Automate the boring stuff : the tic tac toe game

[DJ_Qu]

Hello,
I have a question about "a tic-tac-toe game" using dictionary in automate the boring stuff.
https://automatetheboringstuff.com/chapter5/

Instead of checking if the game has a winner by looking specifically at all rows, all columns and all diagonals, I wish to do it by iterating over keys to detect if three values were equal to each other.

for k in range (0, len(board.keys()), 3):
   #check if keys are equal here

But dictionary do not have order, is that right?
How can I rewrite method testForAWin to minimize code duplication -while still using a dictionary?

turn = 'X'



theBoard = {'top-L': ' ', 'top-M': ' ', 'top-R': ' ',
        'mid-L': ' ', 'mid-M': ' ', 'mid-R': ' ',
        'low-L': ' ', 'low-M': ' ', 'low-R': ' '}

def printBoard(board):
    print(board['top-L'] + '|' + board['top-M'] + '|' + board['top-R'])
    print('-+-+-')
    print(board['mid-L'] + '|' + board['mid-M'] + '|' + board['mid-R'])
    print('-+-+-')
    print(board['low-L'] + '|' + board['low-M'] + '|' + board['low-R'])

def testForAWin(board):
    won = False


    if((board['top-L'] == board['top-M'] == board['top-R']) and board['top-L'] != ' '):
        won = True
    elif(board['mid-L'] == board['mid-M'] == board['mid-R'] and board['mid-L'] != ' '):
        won = True
    #to be done for diagonals and columns as well, and lowest row
    return won


for i in range(9):
    printBoard(theBoard)
    print('Turn for :' + turn + ' Choose a space : ')
    move = input()

    while not theBoard[move]== ' ':
        print('Do not try to steal a place! ')
        move = input()

    theBoard[move] = turn
    won = testForAWin(theBoard)
    if won:
        print(turn + ' wins the game!')
        break
    elif turn == 'X':
        turn = '0'
    else:
        turn = 'X'
printBoard(theBoard)

[ichabod801]

The way I have done this in the past is to have a list or tuple of the sets of winning keys, and iterate over that:

WINS = (('top-L', 'top-M', 'top-R'), ('mid-L', 'mid-M', 'mid-R'), ...)

The you iterate over that list, either getting the tuples of keys (for win in WINS:) or getting the individual keys (for first, second, third in WINS:).

[DJ_Qu]

The way I have done this in the past is to have a list or tuple of the sets of winning keys, and iterate over that:

WINS = (('top-L', 'top-M', 'top-R'), ('mid-L', 'mid-M', 'mid-R'), ...)

The you iterate over that list, either getting the tuples of keys (for win in WINS:) or getting the individual keys (for first, second, third in WINS:).

Thank you so much!
But how do you iterate over tuples?

[Yoriz]

tuples are iterated the same way lists are

WINS = (('top-L', 'top-M', 'top-R'), ('mid-L', 'mid-M', 'mid-R'))

for win in WINS:
    print(win)

Output:
('top-L', 'top-M', 'top-R')
('mid-L', 'mid-M', 'mid-R')

[DJ_Qu]

Ok, I asked the wrong question here.
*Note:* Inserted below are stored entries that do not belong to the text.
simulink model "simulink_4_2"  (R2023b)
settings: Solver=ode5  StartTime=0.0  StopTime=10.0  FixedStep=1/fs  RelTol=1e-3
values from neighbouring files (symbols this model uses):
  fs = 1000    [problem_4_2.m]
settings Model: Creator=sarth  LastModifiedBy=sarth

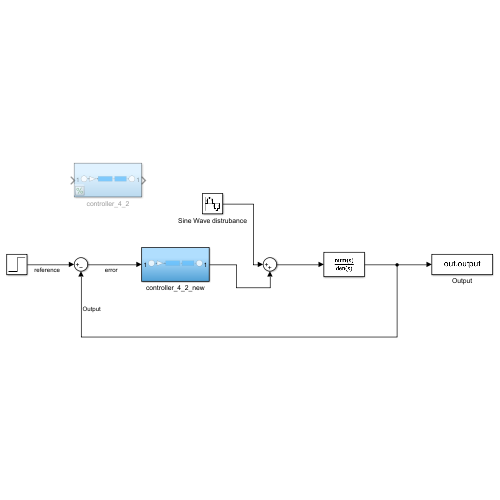
[thumbnail: Simulink's stored preview of the top-level diagram]
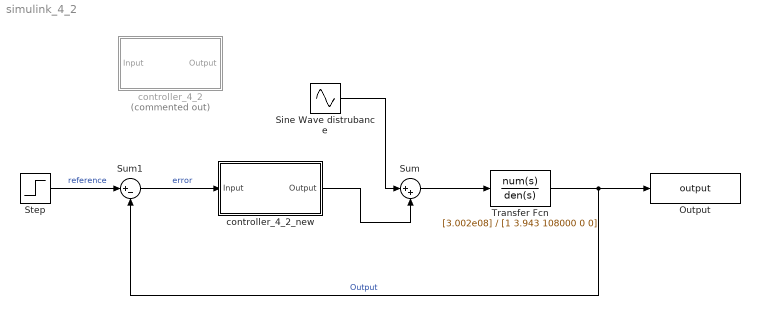
== system simulink_4_2 ==
  Output : ToWorkspace  VariableName=output  SampleTime=-1
  Sine Wave distrubance : Sin  Frequency=12.56  SampleTime=1/fs
  Step : Step  SampleTime=1/fs
  Sum : Sum  Inputs=|++
  Sum1 : Sum  Inputs=|+-
  Transfer Fcn : TransferFcn  Numerator=[3.002e08]  Denominator=[1 3.943 108000 0 0]
  controller_4_2 : Subsystem  Commented=on
  controller_4_2_new : Subsystem
  wires:
  controller_4_2_new/1(Output) -> Sum/2
  Sine Wave distrubance/1 -> Sum/1
  Sum/1 -> Transfer Fcn/1
  Sum1/1 -> controller_4_2_new/1(Input)  "error"
  Step/1 -> Sum1/1  "reference"
  Transfer Fcn/1 -> Output/1, Sum1/2  "Output"

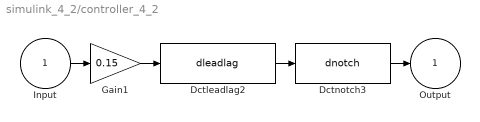
== system simulink_4_2/controller_4_2 ==
  Input : Inport
  Dctleadlag2 : S-Function  FunctionName=dleadlag  Parameters=f_num, f_den, 0.001  SFunctionDeploymentMode=off  EnableBusSupport=off  mask(dctools){f_num=0.9, f_den=16}
      mask prompts: f_num "Zero [Hz]"; f_den "Pole [Hz]"
      mask help: This block implements a discrete time leadlag filter.
      mask Display: disp('DCT leadlag')
  Dctnotch3 : S-Function  FunctionName=dnotch  Parameters=f_num, b_num, f_den, b_den, 0.001  SFunctionDeploymentMode=off  EnableBusSupport=off  mask(dctools){f_num=52.6, b_num=0.1, f_den=52.6, b_den=0.5}
      mask prompts: f_num "Zero [Hz]"; b_num "Damping zero [-]"; f_den "Pole [Hz]"; b_den "Damping pole [-]"
      mask help: This block implements a dicrete time 2nd order notch filter.
      mask Display: disp('DCT notch')
  Gain1 : Gain  Gain=0.15
  Output : Outport
  wires:
  Input/1 -> Gain1/1
  Gain1/1 -> Dctleadlag2/1
  Dctleadlag2/1 -> Dctnotch3/1
  Dctnotch3/1 -> Output/1

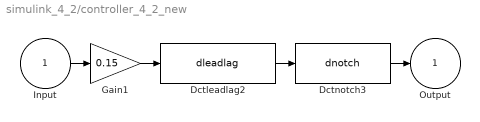
== system simulink_4_2/controller_4_2_new ==
  Input : Inport
  Dctleadlag2 : S-Function  FunctionName=dleadlag  Parameters=f_num, f_den, 0.001  SFunctionDeploymentMode=off  EnableBusSupport=off  mask(dctools){f_num=0.9, f_den=16}
      mask prompts: f_num "Zero [Hz]"; f_den "Pole [Hz]"
      mask help: This block implements a discrete time leadlag filter.
      mask Display: disp('DCT leadlag')
  Dctnotch3 : S-Function  FunctionName=dnotch  Parameters=f_num, b_num, f_den, b_den, 0.001  SFunctionDeploymentMode=off  EnableBusSupport=off  mask(dctools){f_num=52.4, b_num=0.00501, f_den=80, b_den=1}
      mask prompts: f_num "Zero [Hz]"; b_num "Damping zero [-]"; f_den "Pole [Hz]"; b_den "Damping pole [-]"
      mask help: This block implements a dicrete time 2nd order notch filter.
      mask Display: disp('DCT notch')
  Gain1 : Gain  Gain=0.15
  Output : Outport
  wires:
  Input/1 -> Gain1/1
  Gain1/1 -> Dctleadlag2/1
  Dctleadlag2/1 -> Dctnotch3/1
  Dctnotch3/1 -> Output/1

How would I know I have a win based on my tuples?

[ichabod801]

Well, say you use for first, second, third in WINS:. The first time through the loop, first is 'top-L', second is 'top-M', and third is 'top-R'. You know how to test for a win with those three strings, right? So use that method to test first, second, and third for a win.

Before the loop over WINS, you set win_exists to False. During the loop, if at any point first, second, and third represent a win, set win_exists to True, and use a break statement to get out of the loop. That way, at the end of the loop, win_exists tells you if the current player won.

[DJ_Qu]

Hello,
So I should iterate over the tuple and check if all strings are equal. I can do that :)
Is there any way to minimize code duplication any further?
There is 8 cases for win?
Maybe if I put the positions in a double array I could be able to check every row, every column and make some custom code for diagonal?

[ichabod801]

For tic-tac-toe, it is simplest just to hard code the possible wins like I showed. When I coded Connect Four, I wrote code to generate all of the possible wins for me. But I just ran that code once before the game, and saved it to keep checking each turn.